- **Records supplied**:
☆ ☆ ☆ ☆
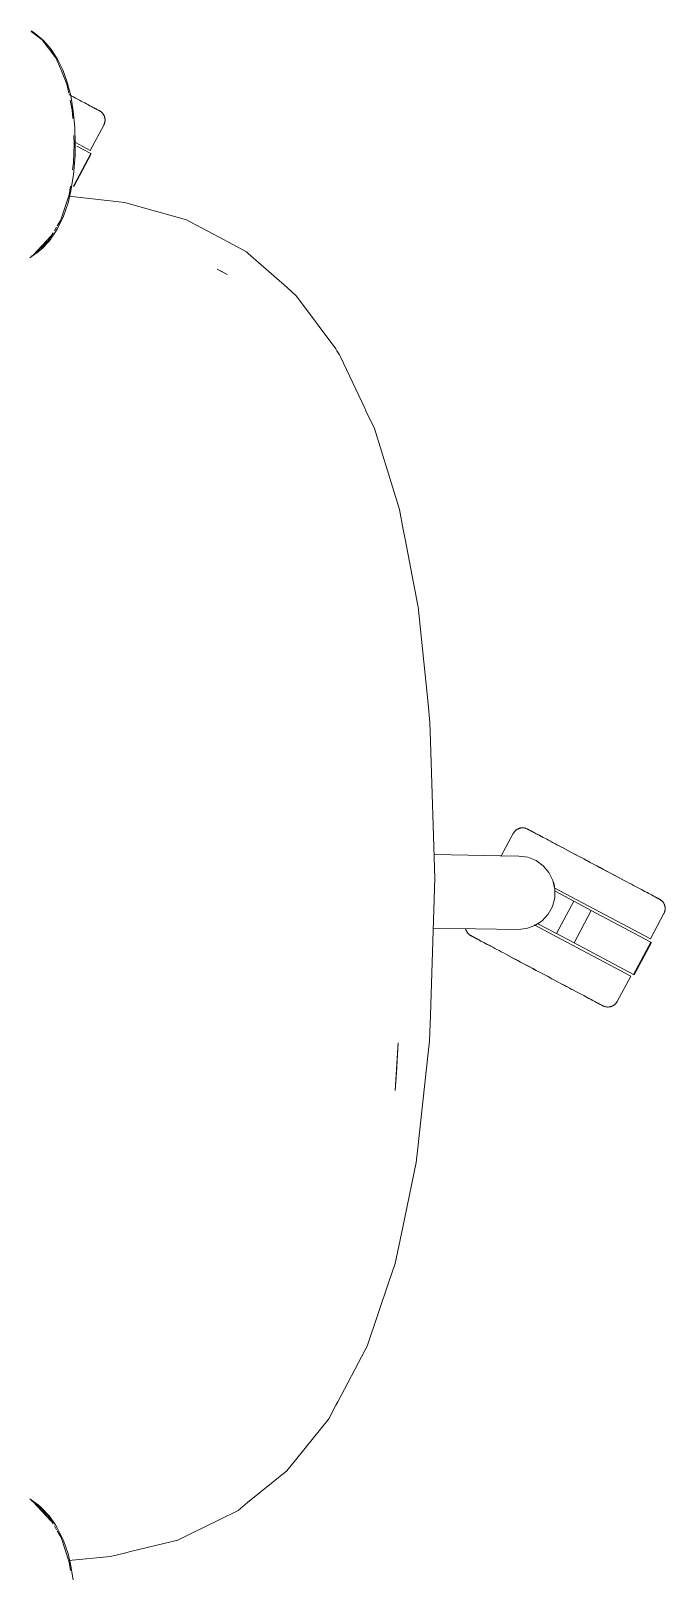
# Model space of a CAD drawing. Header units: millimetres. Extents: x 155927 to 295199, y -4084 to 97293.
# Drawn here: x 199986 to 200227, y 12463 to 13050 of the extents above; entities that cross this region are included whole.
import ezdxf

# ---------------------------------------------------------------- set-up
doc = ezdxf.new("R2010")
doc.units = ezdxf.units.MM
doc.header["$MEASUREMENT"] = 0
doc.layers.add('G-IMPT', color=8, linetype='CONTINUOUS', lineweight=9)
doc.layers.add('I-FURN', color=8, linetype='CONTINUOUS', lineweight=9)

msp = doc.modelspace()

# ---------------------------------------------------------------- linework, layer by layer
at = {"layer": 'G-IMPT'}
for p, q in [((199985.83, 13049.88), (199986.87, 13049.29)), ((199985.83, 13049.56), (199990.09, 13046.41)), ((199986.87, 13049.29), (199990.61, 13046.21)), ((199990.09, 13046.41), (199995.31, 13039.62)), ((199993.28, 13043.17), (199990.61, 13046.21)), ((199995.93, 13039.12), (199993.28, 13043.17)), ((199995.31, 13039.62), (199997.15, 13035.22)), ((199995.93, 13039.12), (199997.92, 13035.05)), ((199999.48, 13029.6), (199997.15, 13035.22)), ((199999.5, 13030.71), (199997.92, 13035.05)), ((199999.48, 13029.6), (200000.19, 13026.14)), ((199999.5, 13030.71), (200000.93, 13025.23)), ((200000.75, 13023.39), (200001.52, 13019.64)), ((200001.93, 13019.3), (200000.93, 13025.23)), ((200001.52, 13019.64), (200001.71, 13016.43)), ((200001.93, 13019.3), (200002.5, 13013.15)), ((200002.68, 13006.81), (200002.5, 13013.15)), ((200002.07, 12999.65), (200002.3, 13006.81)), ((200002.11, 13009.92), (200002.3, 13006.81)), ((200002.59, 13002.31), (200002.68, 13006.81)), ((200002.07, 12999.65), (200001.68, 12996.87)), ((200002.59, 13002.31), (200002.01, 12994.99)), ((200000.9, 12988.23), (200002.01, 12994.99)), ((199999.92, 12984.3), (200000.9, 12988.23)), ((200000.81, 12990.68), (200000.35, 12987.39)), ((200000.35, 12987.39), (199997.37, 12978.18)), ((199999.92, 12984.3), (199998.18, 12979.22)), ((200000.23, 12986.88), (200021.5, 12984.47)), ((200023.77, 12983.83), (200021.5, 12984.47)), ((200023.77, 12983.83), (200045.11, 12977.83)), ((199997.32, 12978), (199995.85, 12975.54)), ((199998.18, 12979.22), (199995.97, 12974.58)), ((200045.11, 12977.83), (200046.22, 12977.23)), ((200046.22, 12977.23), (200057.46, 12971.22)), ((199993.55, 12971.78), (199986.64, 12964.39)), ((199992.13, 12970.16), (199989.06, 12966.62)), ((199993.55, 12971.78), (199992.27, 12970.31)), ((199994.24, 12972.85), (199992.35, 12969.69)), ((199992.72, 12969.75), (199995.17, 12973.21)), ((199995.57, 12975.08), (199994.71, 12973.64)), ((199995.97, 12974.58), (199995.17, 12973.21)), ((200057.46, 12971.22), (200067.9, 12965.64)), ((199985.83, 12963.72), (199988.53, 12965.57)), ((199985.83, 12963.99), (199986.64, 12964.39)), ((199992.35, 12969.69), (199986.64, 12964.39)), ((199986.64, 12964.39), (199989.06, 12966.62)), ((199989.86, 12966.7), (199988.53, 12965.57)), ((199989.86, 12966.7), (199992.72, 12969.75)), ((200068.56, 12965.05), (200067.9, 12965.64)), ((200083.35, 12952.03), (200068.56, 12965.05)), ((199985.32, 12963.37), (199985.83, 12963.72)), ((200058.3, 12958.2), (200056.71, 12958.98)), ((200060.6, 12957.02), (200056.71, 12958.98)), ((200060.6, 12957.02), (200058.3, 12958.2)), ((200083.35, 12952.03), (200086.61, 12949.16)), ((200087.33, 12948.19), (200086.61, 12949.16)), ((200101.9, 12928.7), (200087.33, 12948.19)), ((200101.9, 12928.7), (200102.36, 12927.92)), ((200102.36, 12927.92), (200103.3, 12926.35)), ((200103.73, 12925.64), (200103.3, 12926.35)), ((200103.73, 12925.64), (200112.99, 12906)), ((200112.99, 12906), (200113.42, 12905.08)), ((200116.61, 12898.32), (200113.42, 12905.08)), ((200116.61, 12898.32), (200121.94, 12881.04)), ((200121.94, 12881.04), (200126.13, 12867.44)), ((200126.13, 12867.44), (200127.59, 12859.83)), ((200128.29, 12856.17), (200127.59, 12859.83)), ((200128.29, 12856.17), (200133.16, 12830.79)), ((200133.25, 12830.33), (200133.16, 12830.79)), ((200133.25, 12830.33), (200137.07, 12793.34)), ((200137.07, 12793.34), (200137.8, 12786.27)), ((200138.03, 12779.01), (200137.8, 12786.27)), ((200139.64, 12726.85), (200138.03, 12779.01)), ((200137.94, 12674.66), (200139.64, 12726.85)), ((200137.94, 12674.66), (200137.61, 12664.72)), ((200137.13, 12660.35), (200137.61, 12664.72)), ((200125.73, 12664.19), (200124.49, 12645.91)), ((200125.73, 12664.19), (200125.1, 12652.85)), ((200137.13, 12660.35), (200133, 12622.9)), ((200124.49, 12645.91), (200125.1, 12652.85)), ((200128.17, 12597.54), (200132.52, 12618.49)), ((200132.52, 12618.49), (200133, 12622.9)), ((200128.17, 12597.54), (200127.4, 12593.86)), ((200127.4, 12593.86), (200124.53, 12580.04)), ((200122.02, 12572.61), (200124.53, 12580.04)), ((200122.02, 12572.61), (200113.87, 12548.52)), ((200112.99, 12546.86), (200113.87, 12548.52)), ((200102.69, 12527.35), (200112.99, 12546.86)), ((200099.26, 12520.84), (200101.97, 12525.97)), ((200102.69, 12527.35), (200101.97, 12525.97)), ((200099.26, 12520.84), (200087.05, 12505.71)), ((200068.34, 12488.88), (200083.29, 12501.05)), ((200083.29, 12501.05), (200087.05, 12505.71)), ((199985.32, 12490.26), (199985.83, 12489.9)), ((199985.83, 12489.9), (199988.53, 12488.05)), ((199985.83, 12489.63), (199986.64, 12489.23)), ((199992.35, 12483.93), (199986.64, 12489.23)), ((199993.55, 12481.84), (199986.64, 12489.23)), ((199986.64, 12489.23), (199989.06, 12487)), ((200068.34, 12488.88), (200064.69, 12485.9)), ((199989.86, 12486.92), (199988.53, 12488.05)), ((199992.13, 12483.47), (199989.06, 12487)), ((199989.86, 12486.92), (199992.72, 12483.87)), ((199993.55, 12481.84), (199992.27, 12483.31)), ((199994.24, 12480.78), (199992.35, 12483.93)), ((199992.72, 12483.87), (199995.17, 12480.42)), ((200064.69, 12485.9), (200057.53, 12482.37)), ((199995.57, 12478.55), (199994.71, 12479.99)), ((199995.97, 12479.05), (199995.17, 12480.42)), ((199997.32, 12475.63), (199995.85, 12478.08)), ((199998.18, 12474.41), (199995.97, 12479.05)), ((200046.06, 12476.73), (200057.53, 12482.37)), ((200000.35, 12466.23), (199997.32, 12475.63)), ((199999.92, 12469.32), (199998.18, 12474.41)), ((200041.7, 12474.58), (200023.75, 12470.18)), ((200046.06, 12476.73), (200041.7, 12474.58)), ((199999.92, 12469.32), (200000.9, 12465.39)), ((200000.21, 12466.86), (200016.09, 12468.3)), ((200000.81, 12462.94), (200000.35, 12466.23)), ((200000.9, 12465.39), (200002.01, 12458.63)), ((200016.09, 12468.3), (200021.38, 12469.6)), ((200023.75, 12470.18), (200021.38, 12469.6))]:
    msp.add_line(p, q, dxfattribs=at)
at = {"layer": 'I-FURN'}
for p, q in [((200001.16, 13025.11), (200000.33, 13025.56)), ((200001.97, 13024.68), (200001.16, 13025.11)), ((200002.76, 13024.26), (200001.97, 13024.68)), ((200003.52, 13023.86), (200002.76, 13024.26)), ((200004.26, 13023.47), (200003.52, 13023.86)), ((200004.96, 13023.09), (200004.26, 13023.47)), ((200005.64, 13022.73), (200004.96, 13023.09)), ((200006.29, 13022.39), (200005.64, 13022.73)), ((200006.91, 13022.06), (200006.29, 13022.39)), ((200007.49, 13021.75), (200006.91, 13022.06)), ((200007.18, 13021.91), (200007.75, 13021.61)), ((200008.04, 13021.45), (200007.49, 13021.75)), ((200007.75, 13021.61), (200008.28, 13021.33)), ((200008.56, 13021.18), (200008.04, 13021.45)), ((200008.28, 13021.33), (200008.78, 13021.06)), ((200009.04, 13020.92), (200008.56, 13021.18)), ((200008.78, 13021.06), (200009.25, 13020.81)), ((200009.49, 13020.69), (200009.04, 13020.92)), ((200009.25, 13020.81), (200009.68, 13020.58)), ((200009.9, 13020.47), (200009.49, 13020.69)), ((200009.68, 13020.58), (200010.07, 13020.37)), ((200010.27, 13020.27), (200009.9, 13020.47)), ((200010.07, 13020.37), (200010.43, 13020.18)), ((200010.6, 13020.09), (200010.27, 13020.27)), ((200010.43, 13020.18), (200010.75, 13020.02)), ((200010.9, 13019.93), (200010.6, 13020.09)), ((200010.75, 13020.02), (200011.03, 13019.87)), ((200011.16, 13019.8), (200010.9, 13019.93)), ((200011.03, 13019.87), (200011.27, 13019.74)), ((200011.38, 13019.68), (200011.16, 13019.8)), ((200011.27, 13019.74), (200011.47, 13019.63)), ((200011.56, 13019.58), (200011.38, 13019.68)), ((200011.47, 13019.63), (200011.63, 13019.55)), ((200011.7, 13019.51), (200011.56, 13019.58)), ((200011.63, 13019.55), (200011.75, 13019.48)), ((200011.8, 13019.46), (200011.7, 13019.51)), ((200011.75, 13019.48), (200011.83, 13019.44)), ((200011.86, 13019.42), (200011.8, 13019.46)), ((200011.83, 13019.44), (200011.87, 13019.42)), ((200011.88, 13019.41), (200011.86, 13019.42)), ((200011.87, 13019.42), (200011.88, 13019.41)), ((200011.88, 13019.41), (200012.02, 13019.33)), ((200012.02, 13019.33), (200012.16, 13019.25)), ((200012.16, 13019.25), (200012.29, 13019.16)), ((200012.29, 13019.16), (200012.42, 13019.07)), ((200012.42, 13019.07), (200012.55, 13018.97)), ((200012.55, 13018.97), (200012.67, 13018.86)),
☆ ☆ ☆ ☆
- **Exercise brief**: Which lines in the data above hold the word "FURN"? Return each of them.

- **Your solution**:
doc.layers.add('I-FURN', color=8, linetype='CONTINUOUS', lineweight=9)
at = {"layer": 'I-FURN'}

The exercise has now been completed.